Only the pictures are dropped; the lines of the material that follow are returned exactly.

◆ **MATERIAL PROVIDED**
+ + + +
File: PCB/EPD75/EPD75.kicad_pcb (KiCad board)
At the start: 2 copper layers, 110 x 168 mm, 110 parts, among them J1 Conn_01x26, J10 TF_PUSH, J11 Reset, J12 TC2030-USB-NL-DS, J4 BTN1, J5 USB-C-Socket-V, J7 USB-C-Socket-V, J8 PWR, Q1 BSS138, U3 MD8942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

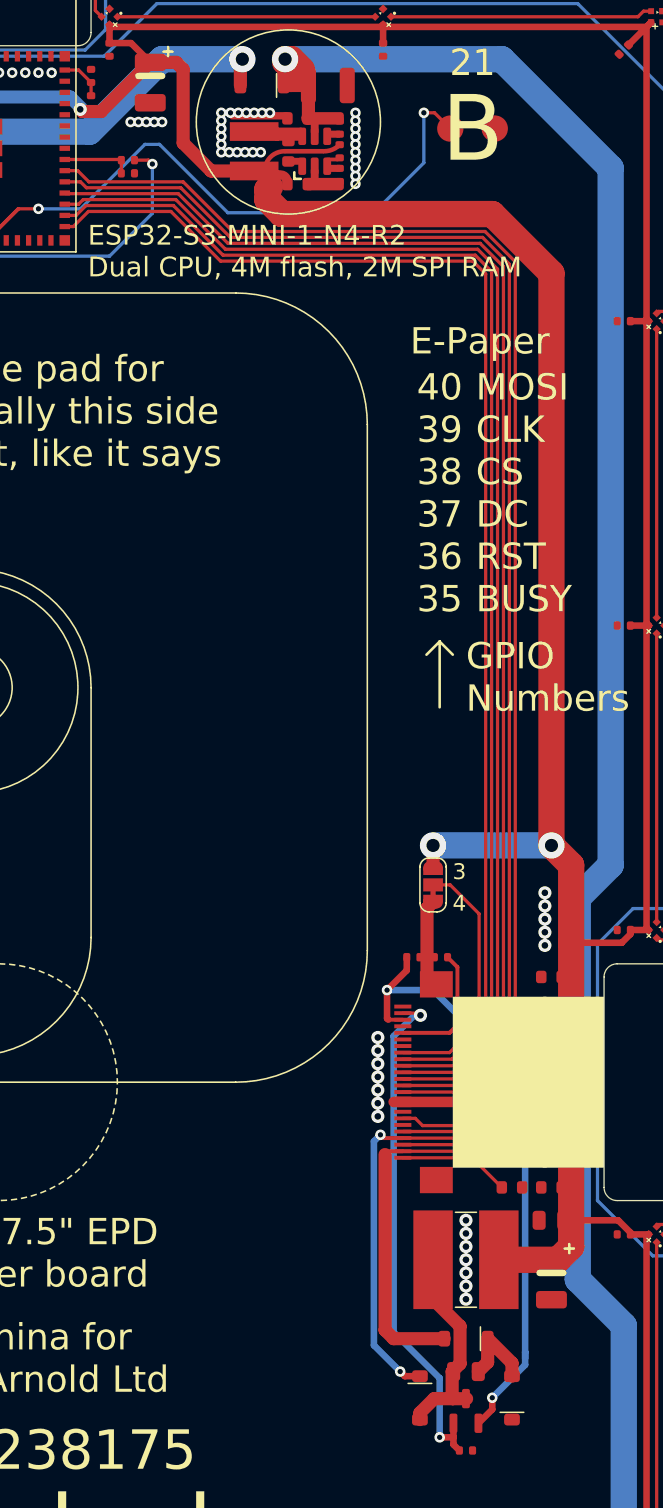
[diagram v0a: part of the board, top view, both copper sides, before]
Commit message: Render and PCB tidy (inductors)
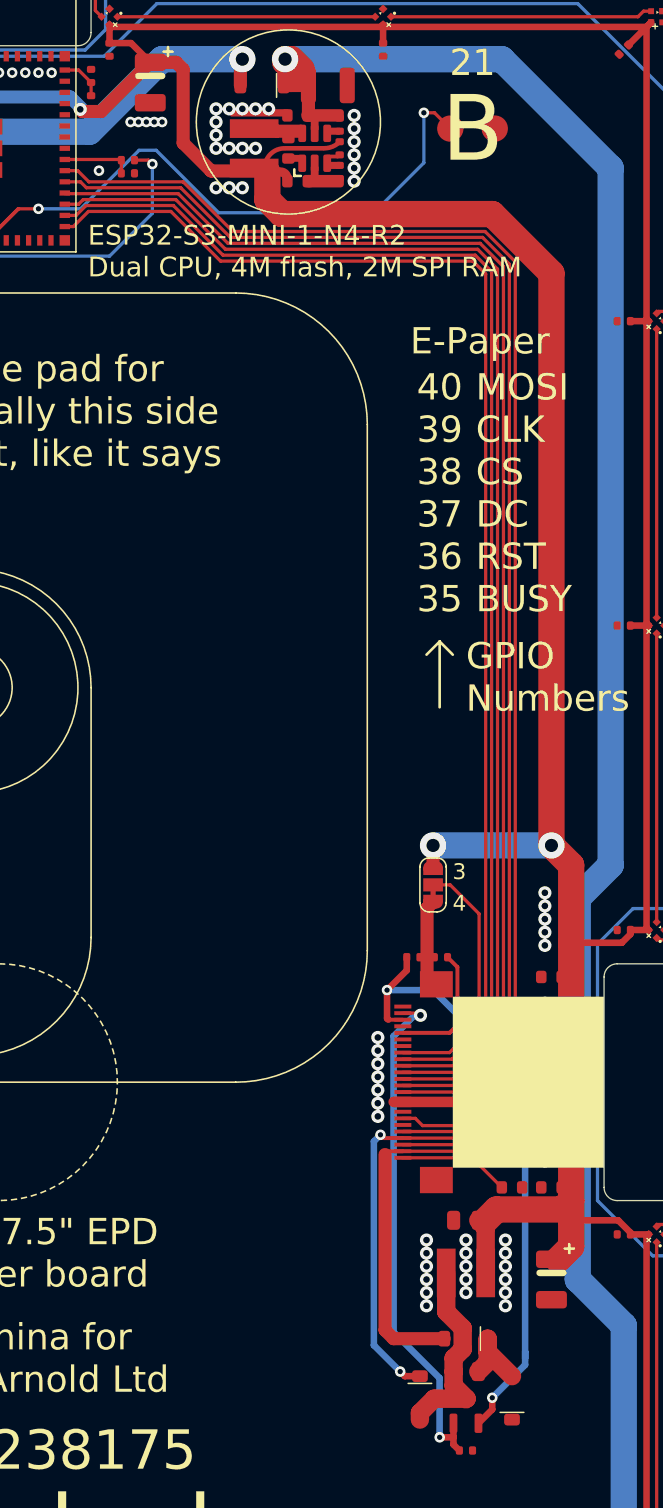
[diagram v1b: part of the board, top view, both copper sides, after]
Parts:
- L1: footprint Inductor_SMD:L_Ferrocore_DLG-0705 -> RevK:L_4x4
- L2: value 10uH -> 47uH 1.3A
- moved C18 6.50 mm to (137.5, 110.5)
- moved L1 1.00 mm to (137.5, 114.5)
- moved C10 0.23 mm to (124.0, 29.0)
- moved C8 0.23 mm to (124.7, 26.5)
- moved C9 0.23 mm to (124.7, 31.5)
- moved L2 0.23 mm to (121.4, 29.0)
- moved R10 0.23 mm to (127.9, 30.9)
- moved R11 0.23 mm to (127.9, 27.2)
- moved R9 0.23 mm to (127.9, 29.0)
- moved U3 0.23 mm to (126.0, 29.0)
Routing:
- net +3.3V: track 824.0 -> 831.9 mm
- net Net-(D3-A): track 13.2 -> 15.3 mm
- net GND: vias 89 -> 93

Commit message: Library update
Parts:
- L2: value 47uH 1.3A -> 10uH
+ + + +
◆ **SOLVED EXERCISE**
File: PCB/EPD75/EPD75.kicad_pcb (KiCad board)
At the start: 2 copper layers, 110 x 168 mm, 110 parts, among them J1 Conn_01x26, J10 TF_PUSH, J11 Reset, J12 TC2030-USB-NL-DS, J4 BTN1, J5 USB-C-Socket-V, J7 USB-C-Socket-V, J8 PWR, Q1 BSS138, U3 MD8942

[diagram v0a: part of the board, top view, both copper sides, before]
Commit message: Render and PCB tidy (inductors)
[diagram v1b: part of the board, top view, both copper sides, after]
Parts:
- L1: footprint Inductor_SMD:L_Ferrocore_DLG-0705 -> RevK:L_4x4
- L2: value 10uH -> 47uH 1.3A
- moved C18 6.50 mm to (137.5, 110.5)
- moved L1 1.00 mm to (137.5, 114.5)
- moved C10 0.23 mm to (124.0, 29.0)
- moved C8 0.23 mm to (124.7, 26.5)
- moved C9 0.23 mm to (124.7, 31.5)
- moved L2 0.23 mm to (121.4, 29.0)
- moved R10 0.23 mm to (127.9, 30.9)
- moved R11 0.23 mm to (127.9, 27.2)
- moved R9 0.23 mm to (127.9, 29.0)
- moved U3 0.23 mm to (126.0, 29.0)
Routing:
- net +3.3V: track 824.0 -> 831.9 mm
- net Net-(D3-A): track 13.2 -> 15.3 mm
- net GND: vias 89 -> 93

Commit message: Library update
Parts:
- L2: value 47uH 1.3A -> 10uH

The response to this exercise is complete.